2015 For Jim

Most people make resolutions. I make goals. I actually met a few of them ahead of time this year. So what’s in store for Jim?

  • Winter’s Quarterly, the first of which goes live as we pass into 2015. You get four of these puppies this year.
  • Nick Kepler comes to an end in February with the release of Gypsy’s Kiss.
  • Speaking of Kepler, I plan to put him together in one neat package, The Kepler Omnibus. Then that’s it for Jimmy Winter as an independent author.
  • “Dick” will release four novellas in advance of the science fiction novel I wrote last year.
  • Holland Bay will finally go to an agent. How will that turn out? Stay tuned.
  • In April, I will finish the bachelors degree I should have finished several presidents ago.
  • This summer, as part of my plan to run the 2016 Flying Pig Marathon, I plan to run my first half marathon. Originally, this was going to be the Flying Pig, but illness has thrown off my training schedule.
  • Aaaaaaand in June, I will celebrate seven years of marriage to Nita.

The Year In Rearview

2014 was either a giant suckfest or a decent year, depending on who you are and what bullshit on Facebook you believe. Here is a look back.

JANUARY

Chris Christie prematurely ends his 2016 campaign for president by causing traffic jams on the George Washington Bridge.

Vladimir Putin tests his super-villain skills by annexing the Crimean Peninsula. The Ukraine does not approve.

FEBRUARY

Jay Leno officially retires, handing off The Tonight Show to Jimmy Fallon. This time, NBC manages not to screw over Conan O’Brien… Um… Wait…

MARCH

Malaysian Airlines Flight 370 disappears. I keep having visions of a smoke monster.

APRIL

Nigerian girls are kidnapped by an extremist group. Ann Coulter takes this opportunity to prove what an utter failure she is as a human being.

MAY

A US Army sergeant is successful brought home from Afghanistan after being held prisoner by the Taliban. Congressional Republicans blame Obama.

Clippers owner Donald Sterling learns that being a billionaire does not excuse one from being a racist douchebag.

JUNE

The World Cup begins. Radio pundits suspect American interest in soccer is a gateway to socialism.

JULY

LeBron James returns to Cleveland. Yea?

Germany scores a Brazillion goals against Brazil in the World Cup.

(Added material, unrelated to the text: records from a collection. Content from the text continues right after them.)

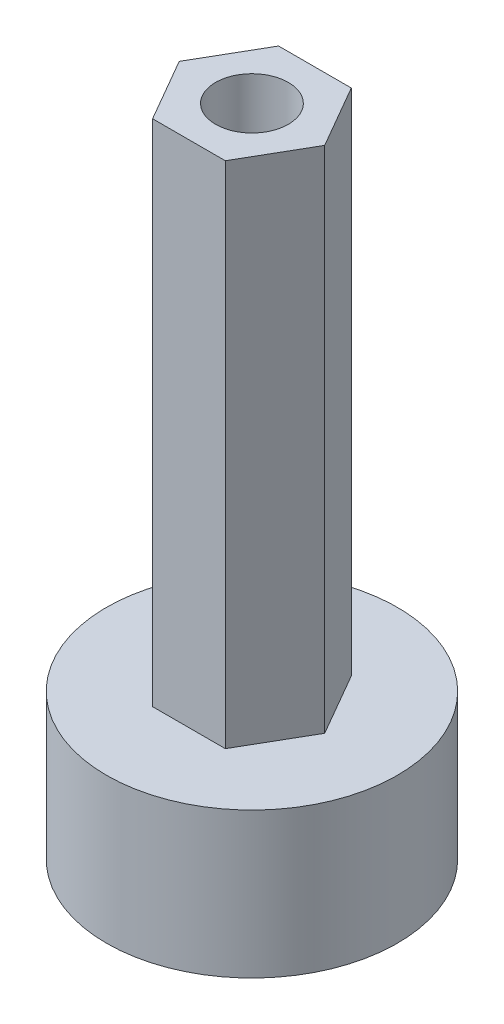
SolidWorks part; units mm, degrees
ref_plane "Front" through (0, 0, 0) normal (0, 0, 1) x (1, 0, 0)
ref_plane "Top" through (0, 0, 0) normal (0, 1, 0) x (1, 0, 0)
ref_plane "Right" through (0, 0, 0) normal (1, 0, 0) x (0, 0, -1)
sketch "Sketch2" plane through (0, 0, 0) normal (0, 0, 1) x (1, 0, 0)
  line L0 (0, 41.227) -> (0, -41.227) construction
  line L2 (6.35, 0) -> (6.35, 6.35)
  line L3 (6.35, 6.35) -> (3.175, 6.35)
  line L4 (3.175, 6.35) -> (3.175, 28.575)
  line L5 (3.175, 28.575) -> (1.5875, 28.575)
  line L6 (1.5875, 28.575) -> (1.5875, 3.175)
  line L7 (6.35, 0) -> (3.175, 0)
  line L8 (3.175, 0) -> (3.175, 3.175)
  line L9 (3.175, 3.175) -> (1.5875, 3.175)
  dimension "D1" = 3.175
  dimension "D2" = 6.35
  dimension "D3" = 6.35
  dimension "D4" = 12.7
  dimension "D5" = 3.175
  dimension "D6" = 3.175
  dimension "D7" = 22.225
revolve "Revolve1" add sketch "Sketch2" angle 360 about L0
sketch "Sketch3" plane through (0, 28.575, 0) normal (0, 1, 0) x (1, 0, 0)
  line L1 (-1.5875, 2.7496) -> (-3.175, 0)
  line L2 (-3.175, 0) -> (-1.5875, -2.7496)
  line L3 (-1.5875, -2.7496) -> (1.5875, -2.7496)
  line L4 (1.5875, -2.7496) -> (3.175, 0)
  line L5 (3.175, 0) -> (1.5875, 2.7496)
  line L6 (1.5875, 2.7496) -> (-1.5875, 2.7496)
  circle A0 centre (0, 0) radius 3.175
  circle A1 centre (0, 0) radius 3.175 construction
  circle M8 centre (0, 0) radius 3.175
extrude "Cut-Extrude3" cut sketch "Sketch3" against normal up to surface (22.225 mm away) contours L1 M8 | L6 M8 | L5 M8 | L4 M8 | L3 M8 | L2 M8 up to face at (0, 6.35, 3.175)
sketch "Sketch4" plane through (0, 0, 0) normal (0, -1, 0) x (1, 0, 0)
  line L1 (1.8331, 3.175) -> (-1.8331, 3.175)
  line L2 (-1.8331, 3.175) -> (-3.6662, 0)
  line L3 (-3.6662, 0) -> (-1.8331, -3.175)
  line L4 (-1.8331, -3.175) -> (1.8331, -3.175)
  line L5 (1.8331, -3.175) -> (3.6662, 0)
  line L6 (3.6662, 0) -> (1.8331, 3.175)
  circle A0 centre (0, 0) radius 3.175
  circle A1 centre (0, 0) radius 3.175 construction
  circle M9 centre (0, 0) radius 3.175
extrude "Cut-Extrude4" cut sketch "Sketch4" against normal up to surface (3.175 mm away) contours L1 L2 M9 | L6 L1 M9 | L5 L6 M9 | L4 L5 M9 | L3 L4 M9 | L2 L3 M9 | A0 up to face at (0, 3.175, 3.175)

Russia, or maybe the Ukraine, accidentally shoot down Malaysian Flight 17. Vladimir Putin is singled out for an atomic wedgie when leaders meet for a G8 summit in Australia.

AUGUST

A white police officer in Ferguson, Missouri, shoots an unarmed black man. The police department is ordered to stand down and let the state police handle things when the local police do stupid things like harass camera crews and try to confiscate smart phones. Yeah. That’ll really calm down the population.

SEPTEMBER

Sorry, ladies, but George Clooney is off he market.

Scotland decides to remain in the UK. Doctor Who, on the other hand, decides to be Scottish. Much Scottish ale is consumed.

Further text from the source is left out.